Collected data
##########

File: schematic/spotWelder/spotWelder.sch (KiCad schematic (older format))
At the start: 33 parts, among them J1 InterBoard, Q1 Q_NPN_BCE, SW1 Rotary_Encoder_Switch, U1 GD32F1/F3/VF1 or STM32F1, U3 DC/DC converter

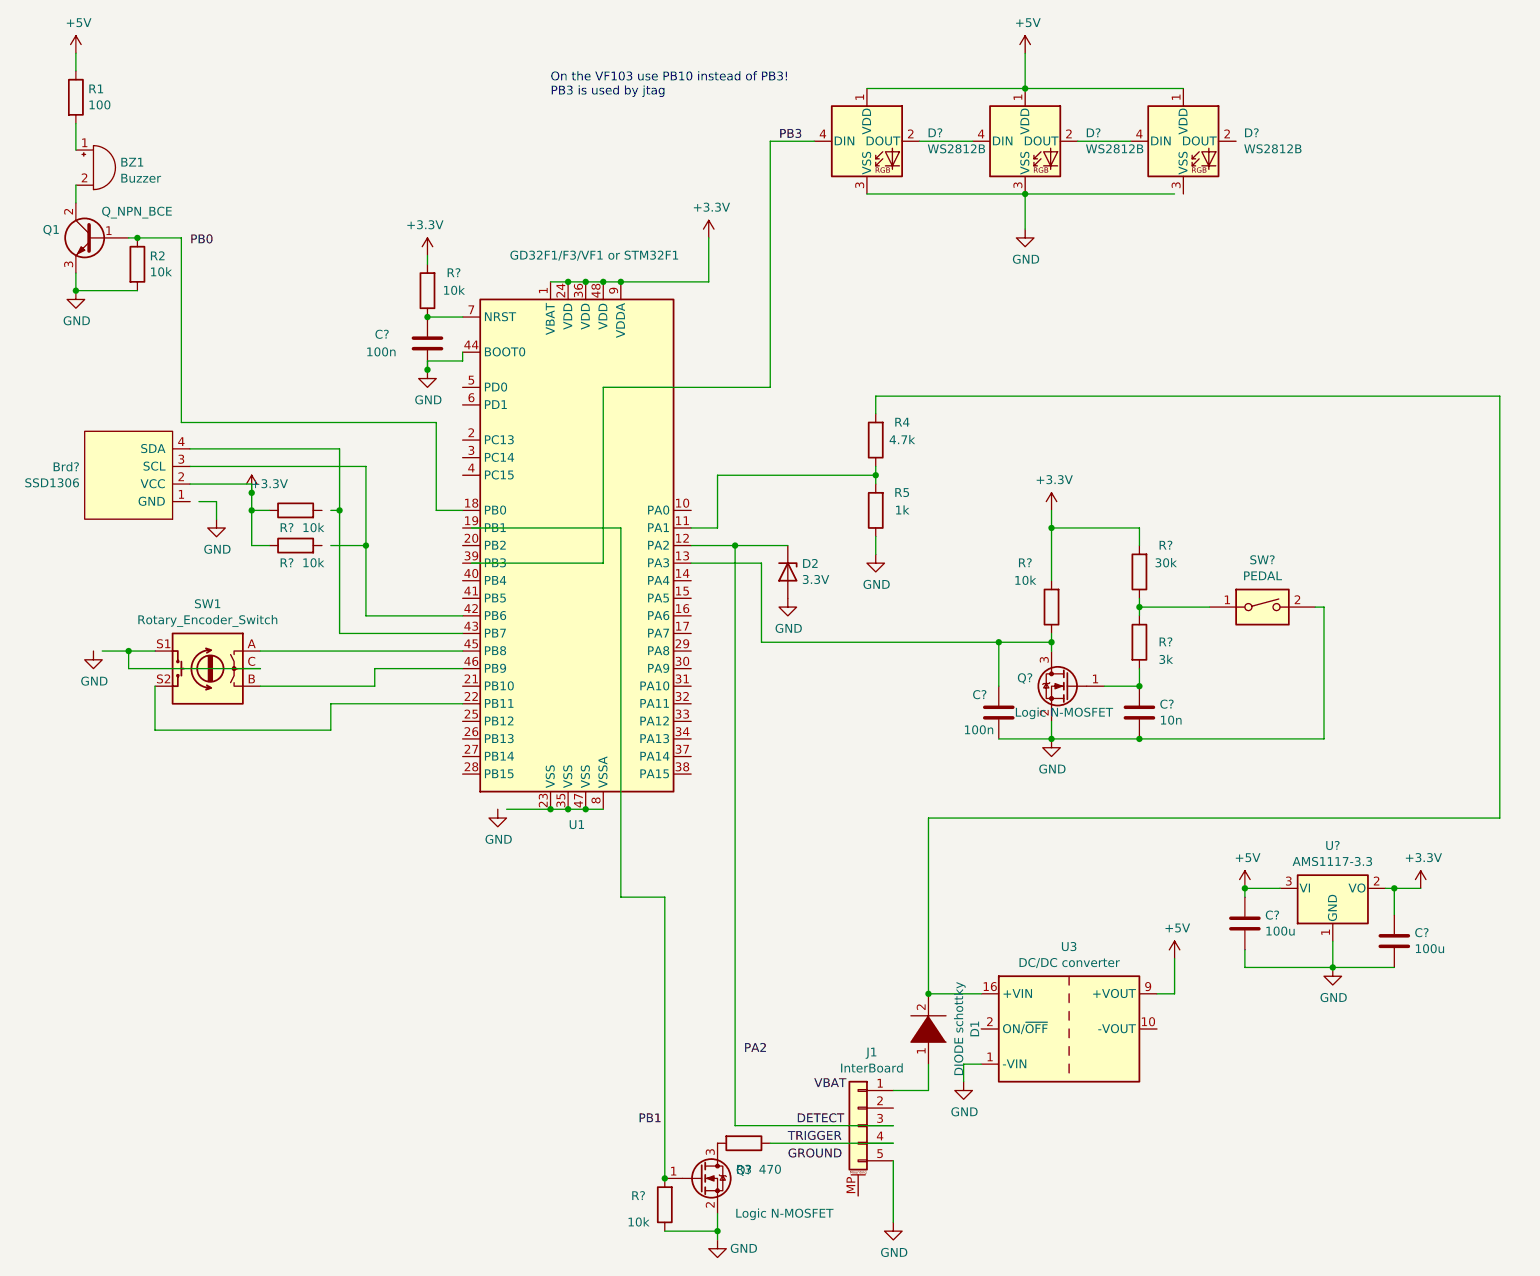
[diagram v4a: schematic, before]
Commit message: sync + update schematic with back EMF diode
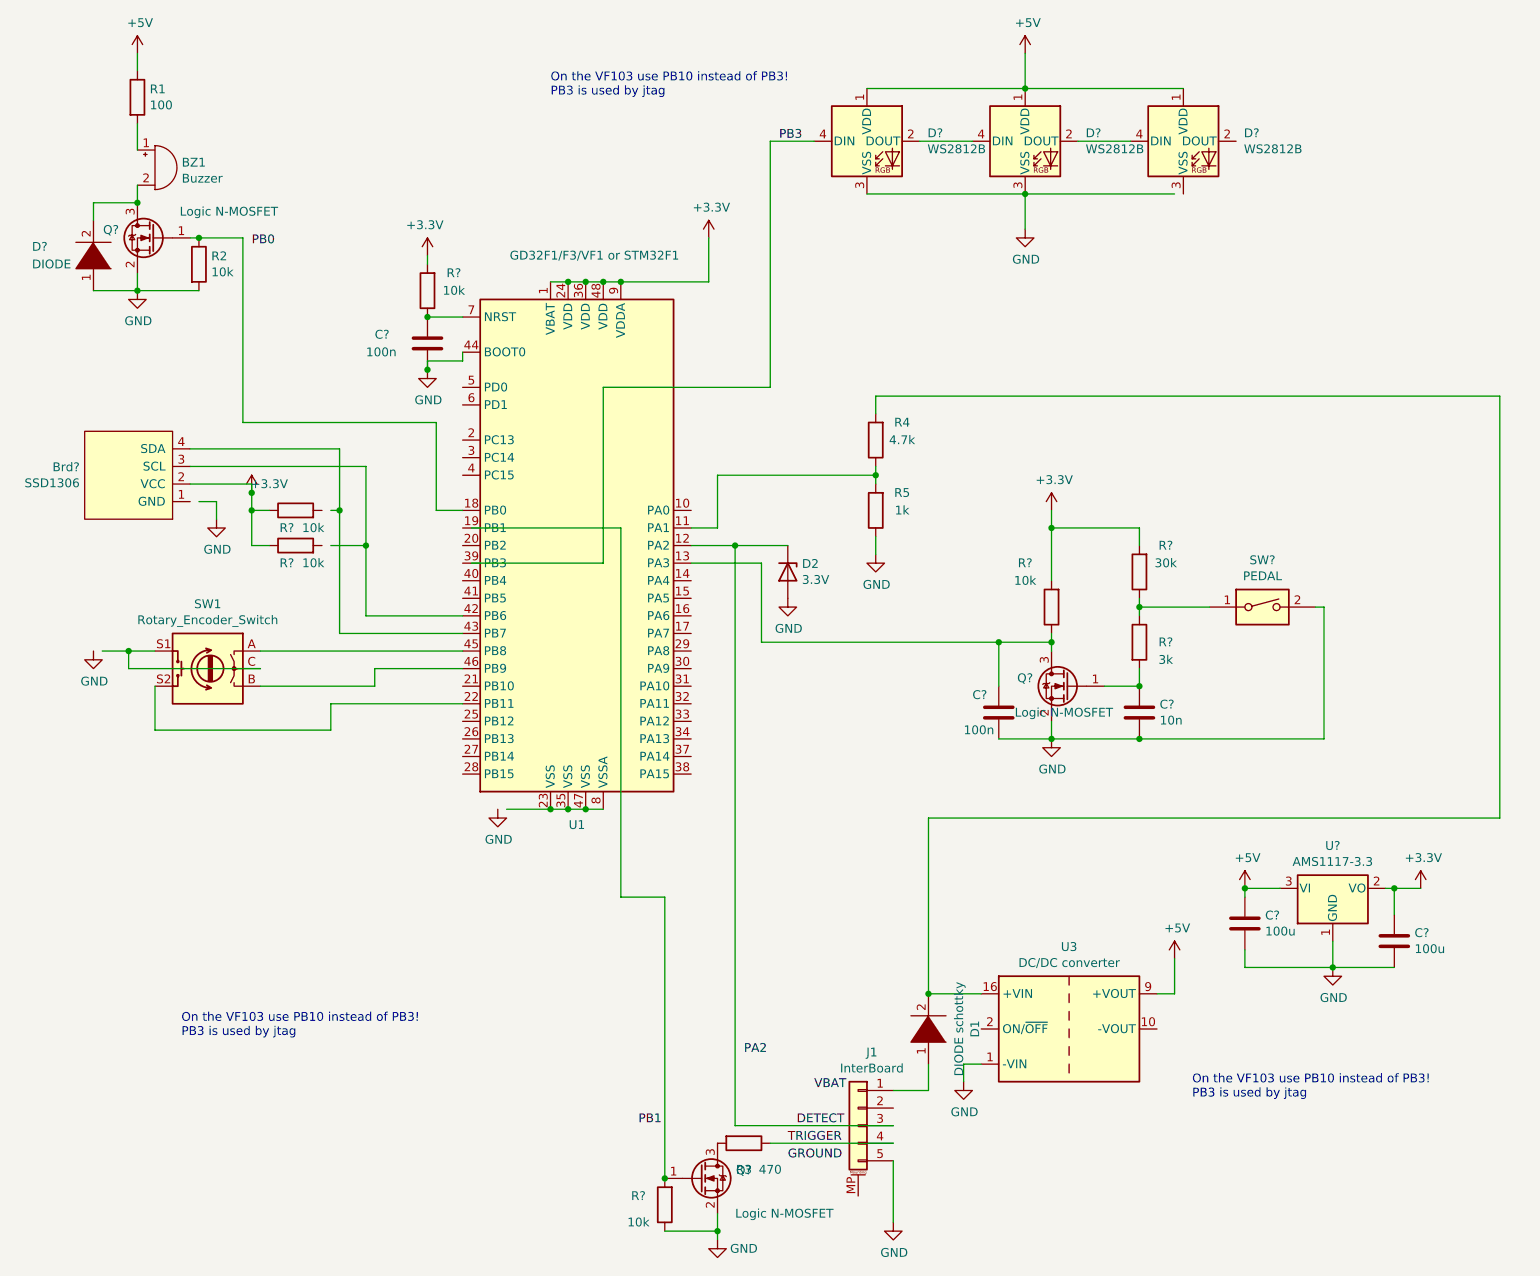
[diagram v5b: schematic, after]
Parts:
- removed Q1: Q_NPN_BCE, symbol Device:Q_NPN_BCE
- added D?: DIODE, symbol pspice:DIODE
- added Q?: Logic N-MOSFET, Package_TO_SOT_SMD:SOT-23, symbol Transistor_FET:ZXMN2A01F
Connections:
- wire segments 131 -> 134
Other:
- moved on the sheet: BZ1, R1, R2
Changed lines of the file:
@@
 L Device:Buzzer BZ1
 U 1 1 60584C9C
-P 900 1550
-F 0 "BZ1" H 1052 1579 50  0000 L CNN
-F 1 "Buzzer" H 1052 1488 50  0000 L CNN
-F 2 "" V 875 1650 50  0001 C CNN
-F 3 "~" V 875 1650 50  0001 C CNN
-	1    900  1550
+P 1250 1550
+F 0 "BZ1" H 1402 1579 50  0000 L CNN
+F 1 "Buzzer" H 1402 1488 50  0000 L CNN
+F 2 "" V 1225 1650 50  0001 C CNN
+F 3 "~" V 1225 1650 50  0001 C CNN
+	1    1250 1550
 	1    0    0    -1
 $EndComp
@@
 L power:GND #PWR02
 U 1 1 60585A6D
-P 800 2250
-F 0 "#PWR02" H 800 2000 50  0001 C CNN
-F 1 "GND" H 805 2077 50  0000 C CNN
-F 2 "" H 800 2250 50  0001 C CNN
-F 3 "" H 800 2250 50  0001 C CNN
-	1    800  2250
+P 1150 2250
+F 0 "#PWR02" H 1150 2000 50  0001 C CNN
+F 1 "GND" H 1155 2077 50  0000 C CNN
+F 2 "" H 1150 2250 50  0001 C CNN
+F 3 "" H 1150 2250 50  0001 C CNN
+	1    1150 2250
 	1    0    0    -1
 $EndComp
@@
 L Device:R R1
 U 1 1 605B195B
-P 800 1150
-F 0 "R1" H 870 1196 50  0000 L CNN
-F 1 "100" H 870 1105 50  0000 L CNN
-F 2 "" V 730 1150 50  0001 C CNN
-F 3 "~" H 800 1150 50  0001 C CNN
-	1    800  1150
+P 1150 1150
+F 0 "R1" H 1220 1196 50  0000 L CNN
+F 1 "100" H 1220 1105 50  0000 L CNN
+F 2 "" V 1080 1150 50  0001 C CNN
+F 3 "~" H 1150 1150 50  0001 C CNN
+	1    1150 1150
 	1    0    0    -1
 $EndComp
@@
 L power:+5V #PWR01
 U 1 1 605E35CF
-P 800 900
-F 0 "#PWR01" H 800 750 50  0001 C CNN
-F 1 "+5V" H 815 1073 50  0000 C CNN
-F 2 "" H 800 900 50  0001 C CNN
-F 3 "" H 800 900 50  0001 C CNN
-	1    800  900
+P 1150 900
+F 0 "#PWR01" H 1150 750 50  0001 C CNN
+F 1 "+5V" H 1165 1073 50  0000 C CNN
+F 2 "" H 1150 900 50  0001 C CNN
+F 3 "" H 1150 900 50  0001 C CNN
+	1    1150 900
 	1    0    0    -1
 $EndComp
@@
 L Device:R R2
 U 1 1 605F82FD
-P 1150 2100
-F 0 "R2" H 1220 2146 50  0000 L CNN
-F 1 "10k" H 1220 2055 50  0000 L CNN
-F 2 "" V 1080 2100 50  0001 C CNN
-F 3 "~" H 1150 2100 50  0001 C CNN
-	1    1150 2100
-	1    0    0    -1
-$EndComp
-Wire Wire Line
-	800  1000 800  900
-Wire Wire Line
-	800  1450 800  1300
-Wire Wire Line
-	800  1750 800  1650
-Wire Wire Line
-	1100 1950 1150 1950
-Wire Wire Line
-	1150 2250 800  2250
-Connection ~ 800  2250
-Wire Wire Line
-	800  2150 800  2250
-$Comp
-L Device:Q_NPN_BCE Q1
-U 1 1 60591CD0
-P 900 1950
-F 0 "Q1" H 1091 1996 50  0000 L CNN
-F 1 "Q_NPN_BCE" H 450 2100 50  0000 L CNN
-F 2 "" H 1100 2050 50  0001 C CNN
-F 3 "~" H 900 1950 50  0001 C CNN
-	1    900  1950
-	-1   0    0    -1
-$EndComp
+P 1500 2100
+F 0 "R2" H 1570 2146 50  0000 L CNN
+F 1 "10k" H 1570 2055 50  0000 L CNN
+F 2 "" V 1430 2100 50  0001 C CNN
+F 3 "~" H 1500 2100 50  0001 C CNN
+	1    1500 2100
+	1    0    0    -1
+$EndComp
+Wire Wire Line
+	1150 1000 1150 900
+Wire Wire Line
+	1150 1450 1150 1300
+Wire Wire Line
+	1150 1750 1150 1650
+Wire Wire Line
+	1450 1950 1500 1950
+Wire Wire Line
+	1500 2250 1150 2250
+Connection ~ 1150 2250
+Wire Wire Line
+	1150 2150 1150 2250
 $Comp
 L Transistor_FET:ZXMN2A01F Q?
@@
 Wire Wire Line
 	2250 4600 3000 4600
-Connection ~ 1150 1950
+Connection ~ 1500 1950
 Wire Wire Line
 	2850 3500 2850 3000
@@
 Connection ~ 7450 5650
 Wire Wire Line
-	2850 3000 1400 3000
-Wire Wire Line
-	1400 3000 1400 1950
-Wire Wire Line
-	1150 1950 1400 1950
+	2850 3000 1750 3000
+Wire Wire Line
+	1750 3000 1750 1950
+Wire Wire Line
+	1500 1950 1750 1950
 $Comp
 L power:+3.3V #PWR?
@@
 Wire Wire Line
 	4550 3700 4850 3700
-Text Label 1450 2000 0    50   ~ 0
+Text Label 1800 2000 0    50   ~ 0
 PB0
 Text Label 4600 6600 0    50   ~ 0
@@
 Text Notes 3500 1150 0    50   ~ 0
 On the VF103 use PB10 instead of PB3!\nPB3 is used by jtag
+$Comp
+L pspice:DIODE D?
+U 1 1 61881DDB
+P 900 2050
+F 0 "D?" V 950 1700 50  0000 L CNN
+F 1 "DIODE" V 850 1700 50  0000 L CNN
+F 2 "" H 900 2050 50  0001 C CNN
+F 3 "~" H 900 2050 50  0001 C CNN
+	1    900  2050
+	0    1    -1   0
+$EndComp
+$Comp
+L Transistor_FET:ZXMN2A01F Q?
+U 1 1 61886D67
+P 1250 1950
+F 0 "Q?" H 1455 1996 50  0000 L CNN
+F 1 "Logic N-MOSFET" H 550 2100 50  0000 L CNN
+F 2 "Package_TO_SOT_SMD:SOT-23" H 1450 1875 50  0001 L CIN
+F 3 "http://www.diodes.com/assets/Datasheets/ZXMN2A01F.pdf" H 1250 1950 50  0001 L CNN
+	1    1250 1950
+	-1   0    0    -1
+$EndComp
+Wire Wire Line
+	1150 1750 900  1750
+Wire Wire Line
+	900  1750 900  1850
+Connection ~ 1150 1750
+Wire Wire Line
+	900  2250 1150 2250
+Text Notes 7150 6850 0    50   ~ 0
+On the VF103 use PB10 instead of PB3!\nPB3 is used by jtag
+Text Notes 1400 6500 0    50   ~ 0
+On the VF103 use PB10 instead of PB3!\nPB3 is used by jtag
 $EndSCHEMATC

##########

Which lines above run from the one containing "- added D?: DIODE, symbol pspice:DIODE" down to the one containing "H 1402 1579"? Repeat exactly those, both ends included, and nothing else.

SOLUTION FOR THIS EXERCISE:
- added D?: DIODE, symbol pspice:DIODE
- added Q?: Logic N-MOSFET, Package_TO_SOT_SMD:SOT-23, symbol Transistor_FET:ZXMN2A01F
Connections:
- wire segments 131 -> 134
Other:
- moved on the sheet: BZ1, R1, R2
Changed lines of the file:
@@
 L Device:Buzzer BZ1
 U 1 1 60584C9C
-P 900 1550
-F 0 "BZ1" H 1052 1579 50  0000 L CNN
-F 1 "Buzzer" H 1052 1488 50  0000 L CNN
-F 2 "" V 875 1650 50  0001 C CNN
-F 3 "~" V 875 1650 50  0001 C CNN
-	1    900  1550
+P 1250 1550
+F 0 "BZ1" H 1402 1579 50  0000 L CNN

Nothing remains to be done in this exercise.